LOFAR4SpaceWeather (LOFAR4SW) - Increasing European Space-Weather Capability with Europe's Largest Radio Telescope: Preparing for the Critical Design Review (CDR)

The Low Frequency Array (LOFAR) consists of a dense core of 24 stations near Exloo in The Netherlands, an additional 14 stations spread across the northeast Netherlands, and a further 14 stations based internationally across Europe. These international stations are six in Germany, three in northern Poland, and one each in France, Ireland, Latvia, Sweden, and the UK. LOFAR can observe over a wide bandwidth of radio frequencies (~10-250 MHz) at high spatial/temporal resolutions. It has capabilities that enable studies of several aspects of space weather to be progressed well beyond today's state-of-the-art. However, with its present governance it can only be used for space-weather campaign studies. This severely limits LOFAR's ability to contribute to space-weather monitoring/forecast beyond its core strength of enabling world-leading scientific research.
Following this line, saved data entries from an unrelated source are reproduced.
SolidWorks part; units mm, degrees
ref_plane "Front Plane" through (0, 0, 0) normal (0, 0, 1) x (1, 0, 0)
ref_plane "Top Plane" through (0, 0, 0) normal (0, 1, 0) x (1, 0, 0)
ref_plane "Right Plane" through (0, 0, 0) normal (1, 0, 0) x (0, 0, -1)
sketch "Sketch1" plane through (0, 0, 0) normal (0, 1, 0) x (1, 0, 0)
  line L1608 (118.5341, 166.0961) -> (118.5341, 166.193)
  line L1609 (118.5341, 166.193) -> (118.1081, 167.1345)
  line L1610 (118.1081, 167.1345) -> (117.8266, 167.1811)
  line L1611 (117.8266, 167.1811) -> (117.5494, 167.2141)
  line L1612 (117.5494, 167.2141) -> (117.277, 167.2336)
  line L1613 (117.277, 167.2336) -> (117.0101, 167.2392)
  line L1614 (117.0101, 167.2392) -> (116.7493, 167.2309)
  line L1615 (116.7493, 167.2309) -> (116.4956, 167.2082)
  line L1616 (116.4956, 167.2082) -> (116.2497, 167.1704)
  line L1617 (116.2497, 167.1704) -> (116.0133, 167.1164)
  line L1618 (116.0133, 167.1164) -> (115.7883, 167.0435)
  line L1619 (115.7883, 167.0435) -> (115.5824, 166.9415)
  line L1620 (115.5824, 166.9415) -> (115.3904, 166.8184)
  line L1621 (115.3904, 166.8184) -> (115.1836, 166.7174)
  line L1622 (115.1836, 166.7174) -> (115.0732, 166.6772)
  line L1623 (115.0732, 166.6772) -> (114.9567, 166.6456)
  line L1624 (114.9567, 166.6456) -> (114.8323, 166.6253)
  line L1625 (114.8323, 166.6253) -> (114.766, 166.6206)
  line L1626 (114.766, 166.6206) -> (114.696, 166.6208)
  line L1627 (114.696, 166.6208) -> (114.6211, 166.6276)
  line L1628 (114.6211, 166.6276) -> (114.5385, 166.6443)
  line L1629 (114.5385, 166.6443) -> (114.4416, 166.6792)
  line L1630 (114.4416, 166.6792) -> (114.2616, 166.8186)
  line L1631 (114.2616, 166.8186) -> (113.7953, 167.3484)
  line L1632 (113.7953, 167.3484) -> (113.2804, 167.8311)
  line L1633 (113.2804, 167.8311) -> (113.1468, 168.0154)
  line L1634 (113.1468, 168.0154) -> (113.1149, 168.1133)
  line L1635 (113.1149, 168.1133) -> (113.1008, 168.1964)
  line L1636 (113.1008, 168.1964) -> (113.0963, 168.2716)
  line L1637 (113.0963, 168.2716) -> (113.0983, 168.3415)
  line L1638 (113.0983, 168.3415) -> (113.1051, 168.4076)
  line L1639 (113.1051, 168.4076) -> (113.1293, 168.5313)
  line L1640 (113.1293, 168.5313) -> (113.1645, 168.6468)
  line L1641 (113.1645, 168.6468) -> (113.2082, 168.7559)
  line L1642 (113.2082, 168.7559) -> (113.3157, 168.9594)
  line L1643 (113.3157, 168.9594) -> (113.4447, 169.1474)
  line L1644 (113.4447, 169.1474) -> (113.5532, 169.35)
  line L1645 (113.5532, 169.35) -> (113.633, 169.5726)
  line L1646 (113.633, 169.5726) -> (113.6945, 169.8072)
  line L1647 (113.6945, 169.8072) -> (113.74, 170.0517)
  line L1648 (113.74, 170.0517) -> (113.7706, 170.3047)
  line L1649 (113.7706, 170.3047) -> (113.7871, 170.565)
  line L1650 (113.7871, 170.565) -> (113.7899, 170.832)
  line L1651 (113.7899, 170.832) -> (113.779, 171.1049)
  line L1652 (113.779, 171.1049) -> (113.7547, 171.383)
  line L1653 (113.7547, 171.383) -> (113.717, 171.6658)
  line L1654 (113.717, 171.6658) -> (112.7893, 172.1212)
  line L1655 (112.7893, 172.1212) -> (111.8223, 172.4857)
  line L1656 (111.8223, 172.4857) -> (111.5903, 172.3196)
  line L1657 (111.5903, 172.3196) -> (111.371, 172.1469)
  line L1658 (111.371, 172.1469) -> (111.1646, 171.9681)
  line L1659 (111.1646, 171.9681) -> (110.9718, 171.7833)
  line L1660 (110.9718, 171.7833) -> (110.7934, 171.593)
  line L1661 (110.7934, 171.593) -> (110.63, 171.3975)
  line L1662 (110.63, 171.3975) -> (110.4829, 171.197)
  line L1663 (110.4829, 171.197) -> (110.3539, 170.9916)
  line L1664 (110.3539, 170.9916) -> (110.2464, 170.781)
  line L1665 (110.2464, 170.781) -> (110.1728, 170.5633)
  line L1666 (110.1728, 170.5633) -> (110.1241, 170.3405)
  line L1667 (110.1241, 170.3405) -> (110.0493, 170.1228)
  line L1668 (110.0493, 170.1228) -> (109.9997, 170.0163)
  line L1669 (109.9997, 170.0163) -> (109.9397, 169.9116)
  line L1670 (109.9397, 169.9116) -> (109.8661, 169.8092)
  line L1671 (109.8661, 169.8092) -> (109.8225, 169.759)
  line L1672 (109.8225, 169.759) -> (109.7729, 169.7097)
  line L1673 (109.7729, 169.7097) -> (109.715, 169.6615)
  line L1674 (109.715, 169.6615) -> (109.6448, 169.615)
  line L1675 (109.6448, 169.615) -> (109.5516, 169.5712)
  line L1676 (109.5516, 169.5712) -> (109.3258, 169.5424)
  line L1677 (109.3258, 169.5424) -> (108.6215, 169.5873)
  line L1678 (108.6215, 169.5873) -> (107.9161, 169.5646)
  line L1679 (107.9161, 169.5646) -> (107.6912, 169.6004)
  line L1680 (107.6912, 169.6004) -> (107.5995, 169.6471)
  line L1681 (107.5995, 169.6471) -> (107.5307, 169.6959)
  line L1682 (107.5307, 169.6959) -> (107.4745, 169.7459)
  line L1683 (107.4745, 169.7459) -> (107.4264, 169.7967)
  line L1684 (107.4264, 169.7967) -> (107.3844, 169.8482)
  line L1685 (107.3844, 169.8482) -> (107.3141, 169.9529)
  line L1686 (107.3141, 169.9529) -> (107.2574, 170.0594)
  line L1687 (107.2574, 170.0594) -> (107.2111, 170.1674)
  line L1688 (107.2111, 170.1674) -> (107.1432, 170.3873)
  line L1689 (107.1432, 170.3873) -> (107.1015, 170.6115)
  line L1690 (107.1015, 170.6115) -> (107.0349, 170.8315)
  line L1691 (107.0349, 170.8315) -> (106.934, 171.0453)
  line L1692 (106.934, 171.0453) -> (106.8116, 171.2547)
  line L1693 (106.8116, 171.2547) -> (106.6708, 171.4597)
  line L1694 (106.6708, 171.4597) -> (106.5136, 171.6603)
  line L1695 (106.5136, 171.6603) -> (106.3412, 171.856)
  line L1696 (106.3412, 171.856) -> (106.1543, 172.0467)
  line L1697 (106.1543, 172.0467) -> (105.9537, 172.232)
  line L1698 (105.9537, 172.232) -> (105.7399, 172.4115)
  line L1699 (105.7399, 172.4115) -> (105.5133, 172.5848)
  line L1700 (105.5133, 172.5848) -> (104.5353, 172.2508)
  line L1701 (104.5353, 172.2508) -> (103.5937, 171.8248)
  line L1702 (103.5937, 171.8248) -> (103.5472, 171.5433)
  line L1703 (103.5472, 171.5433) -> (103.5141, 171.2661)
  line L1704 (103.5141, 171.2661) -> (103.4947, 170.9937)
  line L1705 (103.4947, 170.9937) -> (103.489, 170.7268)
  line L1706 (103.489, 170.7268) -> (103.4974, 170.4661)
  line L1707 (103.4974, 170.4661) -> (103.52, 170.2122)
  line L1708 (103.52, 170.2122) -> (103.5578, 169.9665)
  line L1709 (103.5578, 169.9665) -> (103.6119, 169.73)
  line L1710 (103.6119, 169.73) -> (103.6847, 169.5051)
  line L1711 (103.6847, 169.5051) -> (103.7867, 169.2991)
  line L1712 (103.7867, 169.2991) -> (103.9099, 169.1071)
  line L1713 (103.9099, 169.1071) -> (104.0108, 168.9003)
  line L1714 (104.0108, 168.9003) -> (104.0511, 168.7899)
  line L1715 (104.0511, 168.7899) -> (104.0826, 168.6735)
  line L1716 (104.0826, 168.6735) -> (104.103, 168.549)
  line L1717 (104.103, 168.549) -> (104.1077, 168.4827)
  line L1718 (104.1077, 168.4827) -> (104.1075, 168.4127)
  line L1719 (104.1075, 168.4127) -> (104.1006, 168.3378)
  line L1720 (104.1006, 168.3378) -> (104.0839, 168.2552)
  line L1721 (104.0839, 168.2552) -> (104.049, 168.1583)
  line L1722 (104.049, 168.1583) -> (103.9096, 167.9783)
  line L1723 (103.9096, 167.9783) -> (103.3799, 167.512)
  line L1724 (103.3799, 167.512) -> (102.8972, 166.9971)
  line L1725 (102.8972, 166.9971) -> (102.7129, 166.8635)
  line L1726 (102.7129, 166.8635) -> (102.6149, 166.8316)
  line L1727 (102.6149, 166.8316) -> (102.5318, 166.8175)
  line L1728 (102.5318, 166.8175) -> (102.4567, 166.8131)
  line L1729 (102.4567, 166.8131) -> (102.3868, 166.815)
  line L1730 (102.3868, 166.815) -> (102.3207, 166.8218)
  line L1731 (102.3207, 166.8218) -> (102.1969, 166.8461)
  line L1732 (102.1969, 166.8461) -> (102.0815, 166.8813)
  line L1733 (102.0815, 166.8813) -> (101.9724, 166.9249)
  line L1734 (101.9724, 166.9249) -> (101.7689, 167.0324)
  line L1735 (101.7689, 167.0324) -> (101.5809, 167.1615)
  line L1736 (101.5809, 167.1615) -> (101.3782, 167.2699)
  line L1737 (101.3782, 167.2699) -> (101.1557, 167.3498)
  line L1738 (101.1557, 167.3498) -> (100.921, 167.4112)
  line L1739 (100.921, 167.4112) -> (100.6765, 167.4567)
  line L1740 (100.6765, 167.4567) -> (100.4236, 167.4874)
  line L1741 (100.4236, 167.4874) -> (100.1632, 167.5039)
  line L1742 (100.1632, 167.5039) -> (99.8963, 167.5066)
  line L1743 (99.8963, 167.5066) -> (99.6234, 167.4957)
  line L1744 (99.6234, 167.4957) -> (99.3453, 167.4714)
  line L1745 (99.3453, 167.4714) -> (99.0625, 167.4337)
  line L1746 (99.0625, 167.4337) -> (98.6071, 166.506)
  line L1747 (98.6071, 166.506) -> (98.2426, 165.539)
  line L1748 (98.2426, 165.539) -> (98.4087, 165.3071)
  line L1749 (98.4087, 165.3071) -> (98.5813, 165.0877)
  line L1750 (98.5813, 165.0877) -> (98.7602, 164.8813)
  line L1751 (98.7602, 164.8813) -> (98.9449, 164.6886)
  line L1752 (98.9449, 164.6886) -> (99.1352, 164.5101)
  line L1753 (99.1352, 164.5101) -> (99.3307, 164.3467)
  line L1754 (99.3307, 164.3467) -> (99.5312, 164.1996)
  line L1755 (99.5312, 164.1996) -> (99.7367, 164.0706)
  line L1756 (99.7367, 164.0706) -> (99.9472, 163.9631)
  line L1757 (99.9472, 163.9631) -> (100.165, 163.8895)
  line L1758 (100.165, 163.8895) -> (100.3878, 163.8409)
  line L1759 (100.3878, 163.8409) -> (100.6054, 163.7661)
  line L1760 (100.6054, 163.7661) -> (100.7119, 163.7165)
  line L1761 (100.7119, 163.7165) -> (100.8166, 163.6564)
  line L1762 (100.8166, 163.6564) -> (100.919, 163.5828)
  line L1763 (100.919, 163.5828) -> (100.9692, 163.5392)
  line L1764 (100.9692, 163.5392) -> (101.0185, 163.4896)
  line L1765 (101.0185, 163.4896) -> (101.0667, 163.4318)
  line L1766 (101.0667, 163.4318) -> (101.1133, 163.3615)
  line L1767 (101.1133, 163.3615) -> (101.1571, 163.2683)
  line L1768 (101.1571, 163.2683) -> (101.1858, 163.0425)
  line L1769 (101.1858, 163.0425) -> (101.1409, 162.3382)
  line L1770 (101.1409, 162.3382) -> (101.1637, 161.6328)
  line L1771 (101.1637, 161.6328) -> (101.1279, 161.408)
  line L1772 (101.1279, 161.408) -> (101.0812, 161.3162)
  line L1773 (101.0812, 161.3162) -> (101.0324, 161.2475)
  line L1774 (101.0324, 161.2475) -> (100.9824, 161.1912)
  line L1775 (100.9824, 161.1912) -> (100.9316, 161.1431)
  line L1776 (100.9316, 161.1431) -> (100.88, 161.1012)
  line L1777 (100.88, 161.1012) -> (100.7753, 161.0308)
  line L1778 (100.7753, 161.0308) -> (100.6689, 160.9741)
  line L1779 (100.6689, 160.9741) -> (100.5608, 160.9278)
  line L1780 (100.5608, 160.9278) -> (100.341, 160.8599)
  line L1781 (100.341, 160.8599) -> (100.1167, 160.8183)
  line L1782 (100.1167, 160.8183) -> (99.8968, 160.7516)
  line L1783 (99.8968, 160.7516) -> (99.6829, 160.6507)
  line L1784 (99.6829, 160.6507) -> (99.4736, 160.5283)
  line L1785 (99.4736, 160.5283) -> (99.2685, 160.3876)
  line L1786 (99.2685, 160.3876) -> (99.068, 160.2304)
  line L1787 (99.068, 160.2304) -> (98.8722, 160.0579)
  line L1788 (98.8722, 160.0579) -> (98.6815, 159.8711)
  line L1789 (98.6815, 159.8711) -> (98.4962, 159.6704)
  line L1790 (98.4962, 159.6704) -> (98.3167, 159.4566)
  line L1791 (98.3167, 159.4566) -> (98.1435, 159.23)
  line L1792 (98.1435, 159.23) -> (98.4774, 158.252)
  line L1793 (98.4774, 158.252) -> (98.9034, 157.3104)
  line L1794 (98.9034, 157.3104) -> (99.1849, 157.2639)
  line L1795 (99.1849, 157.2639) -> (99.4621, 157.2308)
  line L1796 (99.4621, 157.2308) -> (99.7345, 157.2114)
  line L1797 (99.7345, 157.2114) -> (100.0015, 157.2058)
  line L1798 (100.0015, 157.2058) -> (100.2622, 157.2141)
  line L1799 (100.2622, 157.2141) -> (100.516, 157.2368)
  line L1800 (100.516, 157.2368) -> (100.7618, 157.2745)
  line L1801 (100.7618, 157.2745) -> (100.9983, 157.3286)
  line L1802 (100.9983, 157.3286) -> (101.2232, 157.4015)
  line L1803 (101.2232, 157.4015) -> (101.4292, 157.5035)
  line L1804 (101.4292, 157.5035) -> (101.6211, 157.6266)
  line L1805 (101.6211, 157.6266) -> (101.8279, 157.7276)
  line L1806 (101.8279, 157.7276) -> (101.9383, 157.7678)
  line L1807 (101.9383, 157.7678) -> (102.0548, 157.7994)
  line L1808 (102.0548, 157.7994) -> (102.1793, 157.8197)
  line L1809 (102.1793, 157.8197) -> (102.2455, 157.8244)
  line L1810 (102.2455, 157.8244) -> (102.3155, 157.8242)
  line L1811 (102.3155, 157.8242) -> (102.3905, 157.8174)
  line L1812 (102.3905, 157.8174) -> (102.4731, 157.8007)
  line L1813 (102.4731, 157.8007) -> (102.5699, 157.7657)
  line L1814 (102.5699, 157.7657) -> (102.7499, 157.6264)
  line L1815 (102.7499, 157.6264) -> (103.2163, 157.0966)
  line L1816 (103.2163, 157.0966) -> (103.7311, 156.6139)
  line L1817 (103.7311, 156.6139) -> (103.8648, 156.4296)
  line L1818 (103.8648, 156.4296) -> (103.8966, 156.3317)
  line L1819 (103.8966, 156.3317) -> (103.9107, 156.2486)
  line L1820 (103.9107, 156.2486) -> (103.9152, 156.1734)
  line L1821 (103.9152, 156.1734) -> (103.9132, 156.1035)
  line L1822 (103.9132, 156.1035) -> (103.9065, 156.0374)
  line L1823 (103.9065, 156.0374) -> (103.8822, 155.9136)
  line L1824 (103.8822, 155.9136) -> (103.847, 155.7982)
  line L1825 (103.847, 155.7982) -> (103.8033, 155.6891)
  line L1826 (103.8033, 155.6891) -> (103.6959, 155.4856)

The LOFAR For Space Weather (LOFAR4SW) project (see: http://lofar4sw.eu/) is a Horizon 2020 (H2020) INFRADEV design study to undertake investigations into upgrading LOFAR to allow for regular space-weather science/monitoring observations in parallel with normal radio-astronomy/scientific operations. This involves all aspects of political, user, forecaster, and scientific engagement with various stakeholders with the full recognition that space weather is a worldwide threat with varied local, regional, continent-wide impacts, and global impacts.

Here, we summarise the most-recent key aspects of the LOFAR4SW progress including outputs/progress following the Detailed Design Review (DDR) and User Workshop, and particularly our plans for the Critical Design Review (CDR) which is now delayed due to COVID-19 effects on project progress.

A fully-envisage longer-term goal of enable a LOFAR4SW update would make LOFAR one of Europe's most-comprehensive space-weather observing systems capable of shedding new light on several aspects of the space-weather system, from the Sun to the solar wind to Jupiter and Earth's ionosphere.